Дрейк был уверен, что большинство женщин, признающихся в своих чувствах, не обращались к объекту своей любви как «проклятый болван». Но их отношения только зарождались, поэтому он решил пропустить эту фразу мимо ушей.
— Я тебя не ругаю, — сказал Дрейк. — Твой поступок был очень смелым. — Он нагнулся и убрал рыжеватый локон, упавший девушке на глаза. — И очень глупым.
— Я знаю, — просияв, ответила Пэйтон. — Но посмотри, что со мной теперь стало. Я погублена.

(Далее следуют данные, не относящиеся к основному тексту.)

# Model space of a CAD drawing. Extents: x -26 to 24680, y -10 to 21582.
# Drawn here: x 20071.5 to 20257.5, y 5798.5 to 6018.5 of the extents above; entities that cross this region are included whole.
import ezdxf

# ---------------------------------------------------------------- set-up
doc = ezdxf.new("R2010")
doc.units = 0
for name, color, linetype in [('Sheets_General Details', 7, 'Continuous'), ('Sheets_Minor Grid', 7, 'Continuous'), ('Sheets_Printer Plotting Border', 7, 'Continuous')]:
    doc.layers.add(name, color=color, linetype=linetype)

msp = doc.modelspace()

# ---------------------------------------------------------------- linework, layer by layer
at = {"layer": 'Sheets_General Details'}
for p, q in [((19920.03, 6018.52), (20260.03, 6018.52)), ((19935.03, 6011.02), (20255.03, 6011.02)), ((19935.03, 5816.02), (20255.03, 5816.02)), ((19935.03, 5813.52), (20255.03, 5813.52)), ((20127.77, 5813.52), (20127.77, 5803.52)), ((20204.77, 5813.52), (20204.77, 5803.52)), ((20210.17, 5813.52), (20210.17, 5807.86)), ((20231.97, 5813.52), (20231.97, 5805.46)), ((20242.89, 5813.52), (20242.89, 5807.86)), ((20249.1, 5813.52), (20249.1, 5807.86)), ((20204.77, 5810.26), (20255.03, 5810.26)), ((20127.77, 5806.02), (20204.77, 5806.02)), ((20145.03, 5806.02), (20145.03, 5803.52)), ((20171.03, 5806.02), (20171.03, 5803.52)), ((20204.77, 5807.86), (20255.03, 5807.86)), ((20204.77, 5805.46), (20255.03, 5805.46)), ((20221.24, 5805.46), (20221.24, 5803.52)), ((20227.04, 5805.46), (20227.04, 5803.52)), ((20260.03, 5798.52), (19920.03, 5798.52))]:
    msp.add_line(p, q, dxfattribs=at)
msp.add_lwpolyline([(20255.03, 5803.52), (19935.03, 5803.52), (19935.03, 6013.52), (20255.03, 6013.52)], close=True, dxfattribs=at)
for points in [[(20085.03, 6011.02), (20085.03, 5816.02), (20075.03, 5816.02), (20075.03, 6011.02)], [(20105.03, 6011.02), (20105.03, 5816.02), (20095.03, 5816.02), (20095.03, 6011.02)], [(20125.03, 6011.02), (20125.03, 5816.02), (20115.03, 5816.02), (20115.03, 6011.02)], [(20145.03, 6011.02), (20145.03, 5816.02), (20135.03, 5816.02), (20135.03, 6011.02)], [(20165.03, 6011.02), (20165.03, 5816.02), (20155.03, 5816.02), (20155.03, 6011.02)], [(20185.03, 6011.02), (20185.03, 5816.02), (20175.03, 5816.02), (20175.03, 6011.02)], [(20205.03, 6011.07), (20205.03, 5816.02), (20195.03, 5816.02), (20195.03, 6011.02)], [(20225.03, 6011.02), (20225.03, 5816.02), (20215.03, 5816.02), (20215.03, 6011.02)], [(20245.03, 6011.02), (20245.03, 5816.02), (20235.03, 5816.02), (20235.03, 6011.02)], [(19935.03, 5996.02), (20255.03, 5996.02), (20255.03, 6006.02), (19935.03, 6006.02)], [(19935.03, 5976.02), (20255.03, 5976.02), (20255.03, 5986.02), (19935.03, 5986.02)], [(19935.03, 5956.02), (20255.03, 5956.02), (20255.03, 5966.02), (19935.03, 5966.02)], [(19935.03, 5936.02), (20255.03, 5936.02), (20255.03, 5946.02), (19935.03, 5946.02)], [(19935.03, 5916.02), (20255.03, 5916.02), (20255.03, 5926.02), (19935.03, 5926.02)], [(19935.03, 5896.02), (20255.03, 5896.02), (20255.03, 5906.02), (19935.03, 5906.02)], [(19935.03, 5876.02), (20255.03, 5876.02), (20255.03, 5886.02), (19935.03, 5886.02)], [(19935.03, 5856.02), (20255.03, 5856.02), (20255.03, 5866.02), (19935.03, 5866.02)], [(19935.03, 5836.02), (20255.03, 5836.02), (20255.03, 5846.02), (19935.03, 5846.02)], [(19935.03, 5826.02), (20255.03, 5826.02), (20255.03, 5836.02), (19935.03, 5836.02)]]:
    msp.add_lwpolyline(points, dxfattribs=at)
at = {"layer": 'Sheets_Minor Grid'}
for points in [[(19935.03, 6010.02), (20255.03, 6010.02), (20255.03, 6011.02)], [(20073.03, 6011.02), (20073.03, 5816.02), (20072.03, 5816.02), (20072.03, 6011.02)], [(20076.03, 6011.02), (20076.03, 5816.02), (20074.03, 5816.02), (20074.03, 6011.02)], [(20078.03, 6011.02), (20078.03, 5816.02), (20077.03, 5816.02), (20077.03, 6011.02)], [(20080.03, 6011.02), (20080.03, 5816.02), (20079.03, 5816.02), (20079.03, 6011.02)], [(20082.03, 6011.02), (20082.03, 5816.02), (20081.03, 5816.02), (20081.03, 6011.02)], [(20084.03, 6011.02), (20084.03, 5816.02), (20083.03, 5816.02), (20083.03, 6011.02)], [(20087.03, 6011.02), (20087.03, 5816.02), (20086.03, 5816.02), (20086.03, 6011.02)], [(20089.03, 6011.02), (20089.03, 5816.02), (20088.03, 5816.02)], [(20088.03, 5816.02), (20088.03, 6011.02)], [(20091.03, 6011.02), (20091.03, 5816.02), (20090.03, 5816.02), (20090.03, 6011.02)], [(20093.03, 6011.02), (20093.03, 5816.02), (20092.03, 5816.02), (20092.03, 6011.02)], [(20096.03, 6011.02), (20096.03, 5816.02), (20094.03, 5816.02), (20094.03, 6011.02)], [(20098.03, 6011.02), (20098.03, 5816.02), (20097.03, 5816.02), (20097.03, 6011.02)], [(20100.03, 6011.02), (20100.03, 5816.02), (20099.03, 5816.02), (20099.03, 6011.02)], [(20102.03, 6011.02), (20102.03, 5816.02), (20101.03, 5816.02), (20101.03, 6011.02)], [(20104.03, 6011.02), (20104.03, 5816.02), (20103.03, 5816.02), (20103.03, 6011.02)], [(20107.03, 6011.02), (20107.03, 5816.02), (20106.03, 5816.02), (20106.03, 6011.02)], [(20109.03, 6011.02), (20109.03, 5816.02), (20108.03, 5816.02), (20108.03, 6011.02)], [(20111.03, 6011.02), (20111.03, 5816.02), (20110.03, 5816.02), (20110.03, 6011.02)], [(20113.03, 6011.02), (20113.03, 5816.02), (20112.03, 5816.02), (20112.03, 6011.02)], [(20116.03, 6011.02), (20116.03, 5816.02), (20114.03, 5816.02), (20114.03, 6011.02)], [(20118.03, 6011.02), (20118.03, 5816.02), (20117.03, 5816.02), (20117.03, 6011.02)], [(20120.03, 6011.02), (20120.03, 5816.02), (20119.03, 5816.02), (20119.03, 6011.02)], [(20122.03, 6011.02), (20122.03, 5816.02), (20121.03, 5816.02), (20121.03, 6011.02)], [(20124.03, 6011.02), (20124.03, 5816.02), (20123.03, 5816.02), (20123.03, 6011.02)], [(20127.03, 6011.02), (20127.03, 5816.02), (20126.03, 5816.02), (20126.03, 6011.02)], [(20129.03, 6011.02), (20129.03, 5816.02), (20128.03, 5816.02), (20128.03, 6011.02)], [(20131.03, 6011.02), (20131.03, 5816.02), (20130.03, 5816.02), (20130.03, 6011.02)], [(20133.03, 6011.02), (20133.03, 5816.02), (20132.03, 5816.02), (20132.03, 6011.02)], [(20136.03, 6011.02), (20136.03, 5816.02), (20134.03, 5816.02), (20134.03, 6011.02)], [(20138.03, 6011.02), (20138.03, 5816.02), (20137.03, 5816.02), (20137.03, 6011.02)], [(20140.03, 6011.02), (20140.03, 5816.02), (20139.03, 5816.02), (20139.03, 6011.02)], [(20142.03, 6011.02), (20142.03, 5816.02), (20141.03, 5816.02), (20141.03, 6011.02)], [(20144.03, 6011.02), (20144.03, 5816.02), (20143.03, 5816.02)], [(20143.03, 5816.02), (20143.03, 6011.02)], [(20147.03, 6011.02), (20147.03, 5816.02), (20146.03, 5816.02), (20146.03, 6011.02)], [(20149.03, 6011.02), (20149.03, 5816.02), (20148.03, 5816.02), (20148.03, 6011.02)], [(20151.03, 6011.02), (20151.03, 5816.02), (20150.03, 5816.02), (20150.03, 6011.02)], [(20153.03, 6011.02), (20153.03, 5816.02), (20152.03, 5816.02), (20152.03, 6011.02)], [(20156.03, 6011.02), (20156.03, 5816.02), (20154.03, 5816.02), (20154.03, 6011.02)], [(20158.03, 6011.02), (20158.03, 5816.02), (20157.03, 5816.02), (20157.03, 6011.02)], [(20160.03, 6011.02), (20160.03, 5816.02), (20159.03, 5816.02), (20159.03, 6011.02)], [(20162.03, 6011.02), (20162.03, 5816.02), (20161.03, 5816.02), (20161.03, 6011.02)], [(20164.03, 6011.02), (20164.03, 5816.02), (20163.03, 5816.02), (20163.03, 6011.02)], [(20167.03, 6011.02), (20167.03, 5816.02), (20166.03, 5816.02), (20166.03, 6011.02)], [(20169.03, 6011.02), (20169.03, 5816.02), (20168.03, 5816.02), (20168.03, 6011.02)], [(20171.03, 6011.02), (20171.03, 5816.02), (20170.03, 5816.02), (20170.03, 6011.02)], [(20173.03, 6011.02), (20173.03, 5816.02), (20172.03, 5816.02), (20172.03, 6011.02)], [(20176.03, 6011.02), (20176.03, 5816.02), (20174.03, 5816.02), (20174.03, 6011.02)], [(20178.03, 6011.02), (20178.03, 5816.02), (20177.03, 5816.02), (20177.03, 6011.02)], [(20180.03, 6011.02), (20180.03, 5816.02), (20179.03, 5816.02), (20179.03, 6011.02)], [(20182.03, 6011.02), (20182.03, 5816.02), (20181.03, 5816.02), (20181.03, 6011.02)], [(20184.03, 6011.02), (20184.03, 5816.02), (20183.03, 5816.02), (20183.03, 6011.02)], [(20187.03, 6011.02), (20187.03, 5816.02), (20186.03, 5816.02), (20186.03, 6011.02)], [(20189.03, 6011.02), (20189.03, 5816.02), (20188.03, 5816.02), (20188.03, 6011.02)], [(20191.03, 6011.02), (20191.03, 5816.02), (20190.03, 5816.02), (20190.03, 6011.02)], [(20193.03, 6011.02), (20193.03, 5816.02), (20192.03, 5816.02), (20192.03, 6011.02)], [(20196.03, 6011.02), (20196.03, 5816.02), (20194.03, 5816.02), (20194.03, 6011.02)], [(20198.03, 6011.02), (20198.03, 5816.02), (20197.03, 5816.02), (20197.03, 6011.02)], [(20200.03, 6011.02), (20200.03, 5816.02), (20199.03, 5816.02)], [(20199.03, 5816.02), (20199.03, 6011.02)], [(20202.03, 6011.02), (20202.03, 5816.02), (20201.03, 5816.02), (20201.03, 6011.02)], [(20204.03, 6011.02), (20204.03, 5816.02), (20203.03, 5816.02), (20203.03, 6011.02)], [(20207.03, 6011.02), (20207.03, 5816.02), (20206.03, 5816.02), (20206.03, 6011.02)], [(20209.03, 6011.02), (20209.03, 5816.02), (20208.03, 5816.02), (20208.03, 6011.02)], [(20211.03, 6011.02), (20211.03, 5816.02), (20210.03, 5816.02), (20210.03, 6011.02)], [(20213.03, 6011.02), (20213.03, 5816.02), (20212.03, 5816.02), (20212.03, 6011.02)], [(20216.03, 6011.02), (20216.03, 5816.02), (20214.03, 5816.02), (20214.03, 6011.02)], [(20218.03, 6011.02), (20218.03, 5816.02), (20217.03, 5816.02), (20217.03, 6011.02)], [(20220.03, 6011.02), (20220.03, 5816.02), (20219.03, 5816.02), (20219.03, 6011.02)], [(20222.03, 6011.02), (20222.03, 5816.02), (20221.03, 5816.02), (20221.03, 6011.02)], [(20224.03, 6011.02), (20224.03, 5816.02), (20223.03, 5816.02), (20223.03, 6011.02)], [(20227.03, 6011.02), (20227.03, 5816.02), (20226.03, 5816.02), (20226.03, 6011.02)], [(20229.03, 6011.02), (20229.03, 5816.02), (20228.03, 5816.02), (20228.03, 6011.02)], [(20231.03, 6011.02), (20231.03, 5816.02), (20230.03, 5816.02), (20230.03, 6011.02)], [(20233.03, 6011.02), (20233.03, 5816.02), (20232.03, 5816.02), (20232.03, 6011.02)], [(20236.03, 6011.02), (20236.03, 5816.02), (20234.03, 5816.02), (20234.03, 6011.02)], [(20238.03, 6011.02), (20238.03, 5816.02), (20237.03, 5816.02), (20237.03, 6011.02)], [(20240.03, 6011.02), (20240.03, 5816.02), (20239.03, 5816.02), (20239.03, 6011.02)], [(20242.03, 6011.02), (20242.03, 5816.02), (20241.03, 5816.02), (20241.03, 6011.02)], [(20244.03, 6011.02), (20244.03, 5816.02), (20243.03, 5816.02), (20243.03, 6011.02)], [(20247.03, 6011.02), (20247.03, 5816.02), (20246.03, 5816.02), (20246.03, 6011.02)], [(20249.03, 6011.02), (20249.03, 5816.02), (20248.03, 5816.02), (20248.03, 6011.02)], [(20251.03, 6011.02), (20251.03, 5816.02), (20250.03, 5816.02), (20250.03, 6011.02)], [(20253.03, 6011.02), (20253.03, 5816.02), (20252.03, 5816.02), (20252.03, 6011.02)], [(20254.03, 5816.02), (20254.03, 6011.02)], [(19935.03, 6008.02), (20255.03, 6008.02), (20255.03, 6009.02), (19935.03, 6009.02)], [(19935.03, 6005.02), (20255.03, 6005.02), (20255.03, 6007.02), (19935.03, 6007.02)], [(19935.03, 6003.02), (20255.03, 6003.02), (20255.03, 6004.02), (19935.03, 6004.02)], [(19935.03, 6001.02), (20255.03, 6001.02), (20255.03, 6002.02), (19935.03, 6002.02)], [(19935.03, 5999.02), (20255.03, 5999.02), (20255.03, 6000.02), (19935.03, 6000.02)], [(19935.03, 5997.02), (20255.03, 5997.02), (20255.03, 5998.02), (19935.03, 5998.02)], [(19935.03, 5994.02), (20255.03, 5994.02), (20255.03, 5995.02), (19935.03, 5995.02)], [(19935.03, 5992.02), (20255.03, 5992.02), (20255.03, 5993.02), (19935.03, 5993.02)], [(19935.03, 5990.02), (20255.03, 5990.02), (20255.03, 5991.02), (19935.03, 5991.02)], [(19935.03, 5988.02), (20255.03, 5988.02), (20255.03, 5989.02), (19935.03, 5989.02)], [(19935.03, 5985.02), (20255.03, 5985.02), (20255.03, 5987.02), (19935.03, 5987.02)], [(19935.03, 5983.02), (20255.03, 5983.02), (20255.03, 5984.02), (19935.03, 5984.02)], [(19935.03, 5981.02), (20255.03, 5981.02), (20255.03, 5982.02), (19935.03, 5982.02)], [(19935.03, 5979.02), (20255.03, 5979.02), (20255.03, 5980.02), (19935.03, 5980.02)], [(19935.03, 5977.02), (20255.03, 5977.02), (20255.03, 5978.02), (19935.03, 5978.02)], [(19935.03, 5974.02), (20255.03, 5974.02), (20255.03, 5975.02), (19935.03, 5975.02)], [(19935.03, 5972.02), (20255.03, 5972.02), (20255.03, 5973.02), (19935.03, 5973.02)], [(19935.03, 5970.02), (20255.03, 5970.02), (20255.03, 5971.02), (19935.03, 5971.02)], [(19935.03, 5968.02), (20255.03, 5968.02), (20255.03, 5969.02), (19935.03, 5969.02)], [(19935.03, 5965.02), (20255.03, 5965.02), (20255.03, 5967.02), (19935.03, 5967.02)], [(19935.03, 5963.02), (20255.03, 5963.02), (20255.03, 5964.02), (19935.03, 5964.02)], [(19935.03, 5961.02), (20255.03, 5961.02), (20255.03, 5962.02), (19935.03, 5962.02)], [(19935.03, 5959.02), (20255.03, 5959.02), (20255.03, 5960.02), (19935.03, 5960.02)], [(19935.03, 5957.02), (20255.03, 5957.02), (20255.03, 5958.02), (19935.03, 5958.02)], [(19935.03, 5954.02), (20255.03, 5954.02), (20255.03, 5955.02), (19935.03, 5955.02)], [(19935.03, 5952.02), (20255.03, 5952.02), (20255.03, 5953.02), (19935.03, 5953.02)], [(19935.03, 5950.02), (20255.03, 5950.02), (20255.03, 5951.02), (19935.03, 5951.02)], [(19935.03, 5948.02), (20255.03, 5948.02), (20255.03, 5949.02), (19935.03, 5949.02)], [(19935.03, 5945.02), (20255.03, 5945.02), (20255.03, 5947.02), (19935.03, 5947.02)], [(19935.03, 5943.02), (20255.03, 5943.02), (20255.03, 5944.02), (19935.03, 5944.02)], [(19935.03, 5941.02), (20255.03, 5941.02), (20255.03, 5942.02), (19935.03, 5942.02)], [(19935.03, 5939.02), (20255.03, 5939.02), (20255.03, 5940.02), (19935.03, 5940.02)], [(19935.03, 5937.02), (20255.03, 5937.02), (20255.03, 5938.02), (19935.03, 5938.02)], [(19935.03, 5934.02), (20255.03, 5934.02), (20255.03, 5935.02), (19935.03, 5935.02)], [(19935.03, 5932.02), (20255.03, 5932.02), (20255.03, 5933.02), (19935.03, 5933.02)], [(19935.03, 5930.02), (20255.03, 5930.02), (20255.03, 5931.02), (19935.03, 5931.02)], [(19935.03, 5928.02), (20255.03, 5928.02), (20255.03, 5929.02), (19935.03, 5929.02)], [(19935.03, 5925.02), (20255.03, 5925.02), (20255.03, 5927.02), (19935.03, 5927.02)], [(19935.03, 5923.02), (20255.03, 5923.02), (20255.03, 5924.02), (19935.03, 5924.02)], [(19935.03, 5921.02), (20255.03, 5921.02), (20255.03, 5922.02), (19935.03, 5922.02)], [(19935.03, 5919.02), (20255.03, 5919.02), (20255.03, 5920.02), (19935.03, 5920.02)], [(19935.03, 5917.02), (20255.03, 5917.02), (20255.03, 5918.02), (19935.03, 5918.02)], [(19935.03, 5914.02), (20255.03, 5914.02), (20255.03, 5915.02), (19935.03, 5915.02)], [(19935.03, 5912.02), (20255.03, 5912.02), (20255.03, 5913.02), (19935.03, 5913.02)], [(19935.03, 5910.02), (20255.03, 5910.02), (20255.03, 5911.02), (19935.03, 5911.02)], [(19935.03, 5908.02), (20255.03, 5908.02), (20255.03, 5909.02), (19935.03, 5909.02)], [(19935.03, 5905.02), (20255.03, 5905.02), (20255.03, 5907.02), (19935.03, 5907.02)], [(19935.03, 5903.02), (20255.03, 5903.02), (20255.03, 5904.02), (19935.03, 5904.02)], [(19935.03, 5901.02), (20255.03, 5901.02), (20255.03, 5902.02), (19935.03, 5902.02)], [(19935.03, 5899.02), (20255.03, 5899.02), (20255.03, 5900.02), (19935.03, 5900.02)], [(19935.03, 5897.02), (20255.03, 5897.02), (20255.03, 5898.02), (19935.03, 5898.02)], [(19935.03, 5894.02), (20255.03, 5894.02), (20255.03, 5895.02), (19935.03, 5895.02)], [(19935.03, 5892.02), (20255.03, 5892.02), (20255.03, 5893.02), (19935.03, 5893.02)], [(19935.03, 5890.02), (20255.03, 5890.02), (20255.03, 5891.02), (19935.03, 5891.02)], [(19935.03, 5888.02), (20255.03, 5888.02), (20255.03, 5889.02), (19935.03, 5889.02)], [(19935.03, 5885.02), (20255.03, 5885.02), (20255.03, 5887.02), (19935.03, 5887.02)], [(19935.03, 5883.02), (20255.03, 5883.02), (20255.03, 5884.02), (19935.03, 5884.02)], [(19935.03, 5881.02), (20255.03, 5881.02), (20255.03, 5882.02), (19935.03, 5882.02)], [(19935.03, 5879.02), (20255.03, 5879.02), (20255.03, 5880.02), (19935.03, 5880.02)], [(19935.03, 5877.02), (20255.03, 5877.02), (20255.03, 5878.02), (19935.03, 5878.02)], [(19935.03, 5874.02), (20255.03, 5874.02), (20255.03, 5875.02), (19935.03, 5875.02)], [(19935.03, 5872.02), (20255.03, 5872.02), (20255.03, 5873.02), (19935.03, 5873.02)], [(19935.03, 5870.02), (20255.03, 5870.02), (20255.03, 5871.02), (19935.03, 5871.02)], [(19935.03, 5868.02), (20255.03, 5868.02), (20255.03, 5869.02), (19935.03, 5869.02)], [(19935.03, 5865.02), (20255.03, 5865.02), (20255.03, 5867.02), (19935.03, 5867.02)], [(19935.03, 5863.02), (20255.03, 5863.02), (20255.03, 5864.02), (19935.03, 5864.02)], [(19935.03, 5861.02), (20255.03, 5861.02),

Это было произнесено удивительно довольным тоном, но его все равно задели эти слова. О, не было сомнений, что Пэй была на самом деле довольна той ситуацией, в которой они оказались. Одетая лишь в чистую сорочку, она лежала на животе, медленно покачивая согнутыми в коленях ногами, и казалась ему олицетворением женщины, живущей в любви и согласии со всем миром. Но всё-таки Дрейка не покидало ощущение, что он ее подвел, причем во всем. Он ничего не помнил о том, как она отважно бросилась спасать ему жизнь. Пэйтон сказала, что какое-то время он был в полубессознательном состоянии. И Дрейк действительно ничего не помнил. Что было непростительно. Ведь в тот момент он должен был обладать хоть малейшей толикой здравого смысла и убедить Пэйтон оставить его на корабле. Дрейк считал, что должен был приказать девушке спасаться самой, не отягощая себя огромным зверем, впавшим в беспамятство, который теперь вместо благодарности за ее бескорыстие испытывал желание наброситься на нее, словно какое-то дикое животное, всякий раз, стоило ей пошевелиться.
Но что он мог с этим поделать? Конечно, Дрейку это не очень нравилось, ему хотелось вести себя так, как было принято в обществе: ухаживать за Пэйтон, добиваться ее расположения…
Но вместо этого, всякий раз, когда он смотрел на девушку, ему стоило огромного труда сдержать свое всепоглощающее желание накинуться на нее.